We present a workflow to estimate recovery in unconventional reservoirs that uses flow simulation models constrained by seismic data, geomechanical parameters, and hydraulic stages properties. The goal of the workflow is the rapid testing of different hydraulic stage scenarios in the presence of natural fractures and other hypotheses that can be compared to select the one that yields optimal recovery. All the parameters of interest are generated directly into a flow simulation grid centered on the horizontal well. Thickness of hydraulic stages equals that of one cell of the simulation grid and therefore, details of individual hydraulic fractures are not explicitly considered allowing modeling of larger reservoir scale effects on recovery. The first step is the estimation of natural fracture orientations using seismic data calibrated with independent fracture information. Then, the flow grid is also populated with geomechanical parameters such as stress field and stress orientations, pore pressure, and friction coefficient. After defining locations and geometry of hydraulic stages along the well path and assuming fluid pressure decay functions away from the hydraulic stages, we use Mohr-Coulomb faulting theory to estimate which natural fractures are more prone to reactivation after hydraulic stimulation. This volume of reactivated natural factures is then upscaled to effective fracture permeability that serves as input to an ultra-fast dual-permeability flow simulator. Finally, once the model is in the flow simulator, we use fluid properties and other dynamic parameters for calibrating with production information, changing the simulation model if needed, and performing long term forecast. We illustrate the application of the workflow in the Eagle Ford formation (South Texas) using a data set that consists of 3D seismic, outcrop descriptions, geomechanics measurements, and production information.
Unconventional reservoirs are characterized by extremely low permeabilities that hinder fluid communication between the reservoir and the borehole. These permeabilities are enhanced by the generation of hydraulic fractures after high-pressure fluid is injected into the formations of interest. Even though hydraulic fractures are the main source of permeability enhancement near the wellbore, reactivation of existing natural fractures in the vicinity of the hydraulic fractures is also an important mechanism of self-propped permeability enhancement in the stimulated reservoir volume (SRV) (Gutierrez et al., 2000; Zhang and Li, 2016; Rutledge and Phillips, 2003) and the hydraulic fractures regions (Jeffrey, 2010; Maxwell, 2011).

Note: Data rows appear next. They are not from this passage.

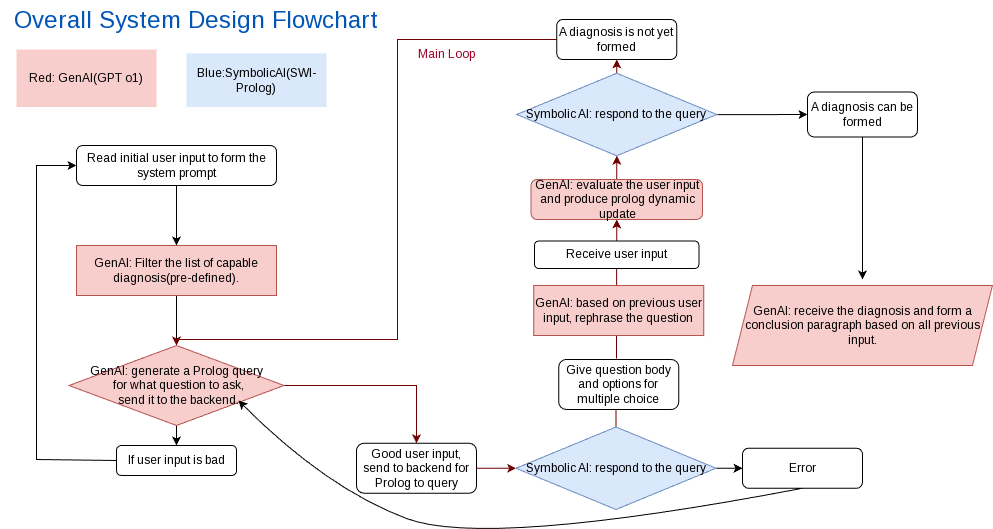

The diagram above was exported from draw.io. Its source (the exported page's mxGraphModel, read from the mxfile embedded in the PNG):
<mxGraphModel dx="467" dy="1675" grid="1" gridSize="10" guides="1" tooltips="1" connect="1" arrows="1" fold="1" page="1" pageScale="1" pageWidth="827" pageHeight="1169" math="0" shadow="0">
  <root>
    <mxCell id="WIyWlLk6GJQsqaUBKTNV-0" />
    <mxCell id="WIyWlLk6GJQsqaUBKTNV-1" parent="WIyWlLk6GJQsqaUBKTNV-0" />
    <mxCell id="ZzDTq6lOjhLWThacsCUU-59" value="" style="endArrow=classic;html=1;rounded=0;entryX=0.5;entryY=1;entryDx=0;entryDy=0;fillColor=#a20025;strokeColor=#6F0000;" parent="WIyWlLk6GJQsqaUBKTNV-1" target="ZzDTq6lOjhLWThacsCUU-40" edge="1">
      <mxGeometry width="50" height="50" relative="1" as="geometry">
        <mxPoint x="640" y="239" as="sourcePoint" />
        <mxPoint x="480" y="109" as="targetPoint" />
      </mxGeometry>
    </mxCell>
    <mxCell id="72F8S_mMyQI3p9RNaD4v-8" style="edgeStyle=orthogonalEdgeStyle;rounded=0;orthogonalLoop=1;jettySize=auto;html=1;exitX=0.5;exitY=1;exitDx=0;exitDy=0;entryX=0.5;entryY=0;entryDx=0;entryDy=0;" parent="WIyWlLk6GJQsqaUBKTNV-1" source="WIyWlLk6GJQsqaUBKTNV-3" target="72F8S_mMyQI3p9RNaD4v-6" edge="1">
      <mxGeometry relative="1" as="geometry" />
    </mxCell>
    <mxCell id="WIyWlLk6GJQsqaUBKTNV-3" value="Read initial user input to form the system prompt" style="rounded=1;whiteSpace=wrap;html=1;fontSize=12;glass=0;strokeWidth=1;shadow=0;" parent="WIyWlLk6GJQsqaUBKTNV-1" vertex="1">
      <mxGeometry x="100" y="26" width="200" height="40" as="geometry" />
    </mxCell>
    <mxCell id="72F8S_mMyQI3p9RNaD4v-2" value="Red: GenAI(GPT o1)" style="rounded=0;whiteSpace=wrap;html=1;fillColor=#f8cecc;strokeColor=none;gradientColor=none;" parent="WIyWlLk6GJQsqaUBKTNV-1" vertex="1">
      <mxGeometry x="40" y="-70" width="140" height="57.5" as="geometry" />
    </mxCell>
    <mxCell id="72F8S_mMyQI3p9RNaD4v-3" value="&lt;div&gt;Blue:SymbolicAI(SWI-Prolog)&lt;/div&gt;" style="rounded=0;whiteSpace=wrap;html=1;fillColor=#dae8fc;strokeColor=none;" parent="WIyWlLk6GJQsqaUBKTNV-1" vertex="1">
      <mxGeometry x="210" y="-66.25" width="140" height="53.75" as="geometry" />
    </mxCell>
    <mxCell id="72F8S_mMyQI3p9RNaD4v-5" style="edgeStyle=orthogonalEdgeStyle;rounded=0;orthogonalLoop=1;jettySize=auto;html=1;exitX=0.5;exitY=1;exitDx=0;exitDy=0;" parent="WIyWlLk6GJQsqaUBKTNV-1" edge="1">
      <mxGeometry relative="1" as="geometry">
        <mxPoint x="40" y="20" as="sourcePoint" />
        <mxPoint x="40" y="20" as="targetPoint" />
      </mxGeometry>
    </mxCell>
    <mxCell id="72F8S_mMyQI3p9RNaD4v-10" style="edgeStyle=orthogonalEdgeStyle;rounded=0;orthogonalLoop=1;jettySize=auto;html=1;entryX=0.5;entryY=0;entryDx=0;entryDy=0;" parent="WIyWlLk6GJQsqaUBKTNV-1" source="72F8S_mMyQI3p9RNaD4v-6" target="72F8S_mMyQI3p9RNaD4v-33" edge="1">
      <mxGeometry relative="1" as="geometry">
        <mxPoint x="200" y="216" as="targetPoint" />
      </mxGeometry>
    </mxCell>
    <mxCell id="72F8S_mMyQI3p9RNaD4v-6" value="GenAI: Filter the list of capable diagnosis(pre-defined)." style="rounded=0;whiteSpace=wrap;html=1;fillColor=#f8cecc;strokeColor=#b85450;" parent="WIyWlLk6GJQsqaUBKTNV-1" vertex="1">
      <mxGeometry x="100" y="126" width="200" height="50" as="geometry" />
    </mxCell>
    <mxCell id="72F8S_mMyQI3p9RNaD4v-25" value="" style="edgeStyle=orthogonalEdgeStyle;rounded=0;orthogonalLoop=1;jettySize=auto;html=1;fillColor=#a20025;strokeColor=#6F0000;" parent="WIyWlLk6GJQsqaUBKTNV-1" source="72F8S_mMyQI3p9RNaD4v-15" target="72F8S_mMyQI3p9RNaD4v-24" edge="1">
      <mxGeometry relative="1" as="geometry" />
    </mxCell>
    <mxCell id="ZzDTq6lOjhLWThacsCUU-43" value="" style="edgeStyle=orthogonalEdgeStyle;rounded=0;orthogonalLoop=1;jettySize=auto;html=1;" parent="WIyWlLk6GJQsqaUBKTNV-1" source="72F8S_mMyQI3p9RNaD4v-15" target="72F8S_mMyQI3p9RNaD4v-23" edge="1">
      <mxGeometry relative="1" as="geometry" />
    </mxCell>
    <mxCell id="72F8S_mMyQI3p9RNaD4v-15" value="Symbolic AI: respond to the query" style="rhombus;whiteSpace=wrap;html=1;fillColor=#dae8fc;strokeColor=#6c8ebf;" parent="WIyWlLk6GJQsqaUBKTNV-1" vertex="1">
      <mxGeometry x="540.25" y="-46.25" width="200" height="82.5" as="geometry" />
    </mxCell>
    <mxCell id="72F8S_mMyQI3p9RNaD4v-30" value="" style="edgeStyle=orthogonalEdgeStyle;rounded=0;orthogonalLoop=1;jettySize=auto;html=1;" parent="WIyWlLk6GJQsqaUBKTNV-1" source="72F8S_mMyQI3p9RNaD4v-23" edge="1">
      <mxGeometry relative="1" as="geometry">
        <mxPoint x="886" y="160" as="targetPoint" />
      </mxGeometry>
    </mxCell>
    <mxCell id="72F8S_mMyQI3p9RNaD4v-23" value="A diagnosis can be formed" style="rounded=1;whiteSpace=wrap;html=1;" parent="WIyWlLk6GJQsqaUBKTNV-1" vertex="1">
      <mxGeometry x="831" y="-27.5" width="110" height="45" as="geometry" />
    </mxCell>
    <mxCell id="ZzDTq6lOjhLWThacsCUU-45" style="edgeStyle=orthogonalEdgeStyle;rounded=0;orthogonalLoop=1;jettySize=auto;html=1;fillColor=#a20025;strokeColor=#6F0000;entryX=0.5;entryY=0;entryDx=0;entryDy=0;" parent="WIyWlLk6GJQsqaUBKTNV-1" target="72F8S_mMyQI3p9RNaD4v-33" edge="1">
      <mxGeometry relative="1" as="geometry">
        <mxPoint x="250" y="310" as="targetPoint" />
        <mxPoint x="580.25" y="-80" as="sourcePoint" />
        <Array as="points">
          <mxPoint x="421" y="-80" />
          <mxPoint x="421" y="220" />
          <mxPoint x="200" y="220" />
        </Array>
      </mxGeometry>
    </mxCell>
    <mxCell id="72F8S_mMyQI3p9RNaD4v-24" value="A diagnosis is not yet formed" style="rounded=1;whiteSpace=wrap;html=1;" parent="WIyWlLk6GJQsqaUBKTNV-1" vertex="1">
      <mxGeometry x="580.25" y="-100" width="120" height="40" as="geometry" />
    </mxCell>
    <mxCell id="72F8S_mMyQI3p9RNaD4v-29" value="GenAI: receive the diagnosis and form a conclusion paragraph based on all previous input." style="shape=parallelogram;perimeter=parallelogramPerimeter;whiteSpace=wrap;html=1;fixedSize=1;fillColor=#f8cecc;strokeColor=#b85450;" parent="WIyWlLk6GJQsqaUBKTNV-1" vertex="1">
      <mxGeometry x="756" y="166" width="260" height="80" as="geometry" />
    </mxCell>
    <mxCell id="72F8S_mMyQI3p9RNaD4v-35" value="" style="edgeStyle=orthogonalEdgeStyle;rounded=0;orthogonalLoop=1;jettySize=auto;html=1;" parent="WIyWlLk6GJQsqaUBKTNV-1" source="72F8S_mMyQI3p9RNaD4v-33" target="72F8S_mMyQI3p9RNaD4v-34" edge="1">
      <mxGeometry relative="1" as="geometry" />
    </mxCell>
    <mxCell id="ZzDTq6lOjhLWThacsCUU-31" value="" style="edgeStyle=orthogonalEdgeStyle;rounded=0;orthogonalLoop=1;jettySize=auto;html=1;fillColor=#a20025;strokeColor=#6F0000;" parent="WIyWlLk6GJQsqaUBKTNV-1" source="72F8S_mMyQI3p9RNaD4v-33" target="72F8S_mMyQI3p9RNaD4v-42" edge="1">
      <mxGeometry relative="1" as="geometry" />
    </mxCell>
    <mxCell id="72F8S_mMyQI3p9RNaD4v-33" value="&lt;div&gt;GenAI: generate a Prolog query&lt;/div&gt;&lt;div&gt;&amp;nbsp;for what question to ask,&lt;/div&gt;&lt;div&gt;&amp;nbsp;send it to the backend.&lt;/div&gt;" style="rhombus;whiteSpace=wrap;html=1;fillColor=#f8cecc;strokeColor=#b85450;" parent="WIyWlLk6GJQsqaUBKTNV-1" vertex="1">
      <mxGeometry x="92.5" y="226" width="215" height="80" as="geometry" />
    </mxCell>
    <mxCell id="72F8S_mMyQI3p9RNaD4v-34" value="If user input is bad" style="rounded=1;whiteSpace=wrap;html=1;" parent="WIyWlLk6GJQsqaUBKTNV-1" vertex="1">
      <mxGeometry x="140" y="326" width="120" height="30" as="geometry" />
    </mxCell>
    <mxCell id="ZzDTq6lOjhLWThacsCUU-2" value="" style="edgeStyle=orthogonalEdgeStyle;rounded=0;orthogonalLoop=1;jettySize=auto;html=1;fillColor=#a20025;strokeColor=#6F0000;" parent="WIyWlLk6GJQsqaUBKTNV-1" source="72F8S_mMyQI3p9RNaD4v-42" target="ZzDTq6lOjhLWThacsCUU-1" edge="1">
      <mxGeometry relative="1" as="geometry" />
    </mxCell>
    <mxCell id="72F8S_mMyQI3p9RNaD4v-42" value="&lt;div&gt;Good user input,&lt;/div&gt;&lt;div&gt;send to backend for Prolog to query&lt;/div&gt;" style="rounded=1;whiteSpace=wrap;html=1;" parent="WIyWlLk6GJQsqaUBKTNV-1" vertex="1">
      <mxGeometry x="380" y="323.75" width="120" height="50" as="geometry" />
    </mxCell>
    <mxCell id="ZzDTq6lOjhLWThacsCUU-6" style="edgeStyle=orthogonalEdgeStyle;rounded=0;orthogonalLoop=1;jettySize=auto;html=1;exitX=0.5;exitY=0;exitDx=0;exitDy=0;fillColor=#a20025;strokeColor=#6F0000;" parent="WIyWlLk6GJQsqaUBKTNV-1" source="ZzDTq6lOjhLWThacsCUU-1" target="ZzDTq6lOjhLWThacsCUU-3" edge="1">
      <mxGeometry relative="1" as="geometry" />
    </mxCell>
    <mxCell id="ZzDTq6lOjhLWThacsCUU-9" style="edgeStyle=orthogonalEdgeStyle;rounded=0;orthogonalLoop=1;jettySize=auto;html=1;exitX=1;exitY=0.5;exitDx=0;exitDy=0;entryX=0;entryY=0.5;entryDx=0;entryDy=0;" parent="WIyWlLk6GJQsqaUBKTNV-1" source="ZzDTq6lOjhLWThacsCUU-1" target="ZzDTq6lOjhLWThacsCUU-4" edge="1">
      <mxGeometry relative="1" as="geometry" />
    </mxCell>
    <mxCell id="ZzDTq6lOjhLWThacsCUU-1" value="Symbolic AI: respond to the query" style="rhombus;whiteSpace=wrap;html=1;fillColor=#dae8fc;strokeColor=#6c8ebf;" parent="WIyWlLk6GJQsqaUBKTNV-1" vertex="1">
      <mxGeometry x="539.5" y="307.5" width="200" height="82.5" as="geometry" />
    </mxCell>
    <mxCell id="ZzDTq6lOjhLWThacsCUU-3" value="Give question body and options for multiple choice" style="rounded=1;whiteSpace=wrap;html=1;" parent="WIyWlLk6GJQsqaUBKTNV-1" vertex="1">
      <mxGeometry x="582.25" y="240" width="120" height="50" as="geometry" />
    </mxCell>
    <mxCell id="ZzDTq6lOjhLWThacsCUU-4" value="Error" style="rounded=1;whiteSpace=wrap;html=1;" parent="WIyWlLk6GJQsqaUBKTNV-1" vertex="1">
      <mxGeometry x="766" y="328.75" width="120" height="40" as="geometry" />
    </mxCell>
    <mxCell id="ZzDTq6lOjhLWThacsCUU-27" value="" style="curved=1;endArrow=classic;html=1;rounded=0;exitX=0.5;exitY=1;exitDx=0;exitDy=0;entryX=0.788;entryY=0.688;entryDx=0;entryDy=0;entryPerimeter=0;" parent="WIyWlLk6GJQsqaUBKTNV-1" source="ZzDTq6lOjhLWThacsCUU-4" target="72F8S_mMyQI3p9RNaD4v-33" edge="1">
      <mxGeometry width="50" height="50" relative="1" as="geometry">
        <mxPoint x="440" y="439" as="sourcePoint" />
        <mxPoint x="490" y="389" as="targetPoint" />
        <Array as="points">
          <mxPoint x="510" y="429" />
          <mxPoint x="350" y="369" />
        </Array>
      </mxGeometry>
    </mxCell>
    <mxCell id="ZzDTq6lOjhLWThacsCUU-29" value="GenAI: based on previous user input, rephrase the question" style="rounded=0;whiteSpace=wrap;html=1;fillColor=#f8cecc;strokeColor=#b85450;" parent="WIyWlLk6GJQsqaUBKTNV-1" vertex="1">
      <mxGeometry x="557.25" y="166" width="170" height="50" as="geometry" />
    </mxCell>
    <mxCell id="ZzDTq6lOjhLWThacsCUU-60" value="" style="edgeStyle=orthogonalEdgeStyle;rounded=0;orthogonalLoop=1;jettySize=auto;html=1;fillColor=#a20025;strokeColor=#6F0000;" parent="WIyWlLk6GJQsqaUBKTNV-1" source="ZzDTq6lOjhLWThacsCUU-32" target="ZzDTq6lOjhLWThacsCUU-40" edge="1">
      <mxGeometry relative="1" as="geometry" />
    </mxCell>
    <mxCell id="ZzDTq6lOjhLWThacsCUU-32" value="Receive user input" style="rounded=1;whiteSpace=wrap;html=1;" parent="WIyWlLk6GJQsqaUBKTNV-1" vertex="1">
      <mxGeometry x="558" y="121.5" width="164.5" height="27.5" as="geometry" />
    </mxCell>
    <mxCell id="ZzDTq6lOjhLWThacsCUU-44" value="" style="edgeStyle=orthogonalEdgeStyle;rounded=0;orthogonalLoop=1;jettySize=auto;html=1;fillColor=#a20025;strokeColor=#6F0000;" parent="WIyWlLk6GJQsqaUBKTNV-1" source="ZzDTq6lOjhLWThacsCUU-40" target="72F8S_mMyQI3p9RNaD4v-15" edge="1">
      <mxGeometry relative="1" as="geometry" />
    </mxCell>
    <mxCell id="ZzDTq6lOjhLWThacsCUU-40" value="GenAI: evaluate the user input and produce prolog dynamic update" style="rounded=1;whiteSpace=wrap;html=1;fillColor=#f8cecc;strokeColor=#b85450;" parent="WIyWlLk6GJQsqaUBKTNV-1" vertex="1">
      <mxGeometry x="554.5" y="60" width="171.5" height="40" as="geometry" />
    </mxCell>
    <mxCell id="ZzDTq6lOjhLWThacsCUU-47" value="Main Loop" style="text;html=1;align=center;verticalAlign=middle;resizable=0;points=[];autosize=1;strokeColor=none;fillColor=none;fontColor=#A20025;labelBorderColor=none;" parent="WIyWlLk6GJQsqaUBKTNV-1" vertex="1">
      <mxGeometry x="430" y="-80" width="80" height="30" as="geometry" />
    </mxCell>
    <mxCell id="ZzDTq6lOjhLWThacsCUU-48" value="&lt;font style=&quot;font-size: 24px;&quot;&gt;Overall System Design Flowchart&lt;/font&gt;" style="text;html=1;align=center;verticalAlign=middle;resizable=0;points=[];autosize=1;strokeColor=none;fillColor=none;fontColor=#0055B7;" parent="WIyWlLk6GJQsqaUBKTNV-1" vertex="1">
      <mxGeometry x="24" y="-119" width="390" height="40" as="geometry" />
    </mxCell>
    <mxCell id="ZzDTq6lOjhLWThacsCUU-62" value="" style="endArrow=classic;html=1;rounded=0;exitX=0;exitY=0.5;exitDx=0;exitDy=0;entryX=0;entryY=0.5;entryDx=0;entryDy=0;" parent="WIyWlLk6GJQsqaUBKTNV-1" source="72F8S_mMyQI3p9RNaD4v-34" target="WIyWlLk6GJQsqaUBKTNV-3" edge="1">
      <mxGeometry width="50" height="50" relative="1" as="geometry">
        <mxPoint x="590" y="250" as="sourcePoint" />
        <mxPoint x="80" y="40" as="targetPoint" />
        <Array as="points">
          <mxPoint x="60" y="340" />
          <mxPoint x="60" y="46" />
        </Array>
      </mxGeometry>
    </mxCell>
  </root>
</mxGraphModel>

Reactivation of existing natural fractures depends on the current state of stress, orientation and intensity of existing natural fractures relative to the stress field, injected fluid pressures, rock properties, and geometry of hydraulic stages. In this paper, we consider all these parameters in an integrated fashion that uses Mohr-Coulomb faulting theory to estimate the likelihood of slip of existing natural fractures. Then, we use simple aperture versus fluid pressure assumptions to generate effective permeability volumes of reactivated fractures.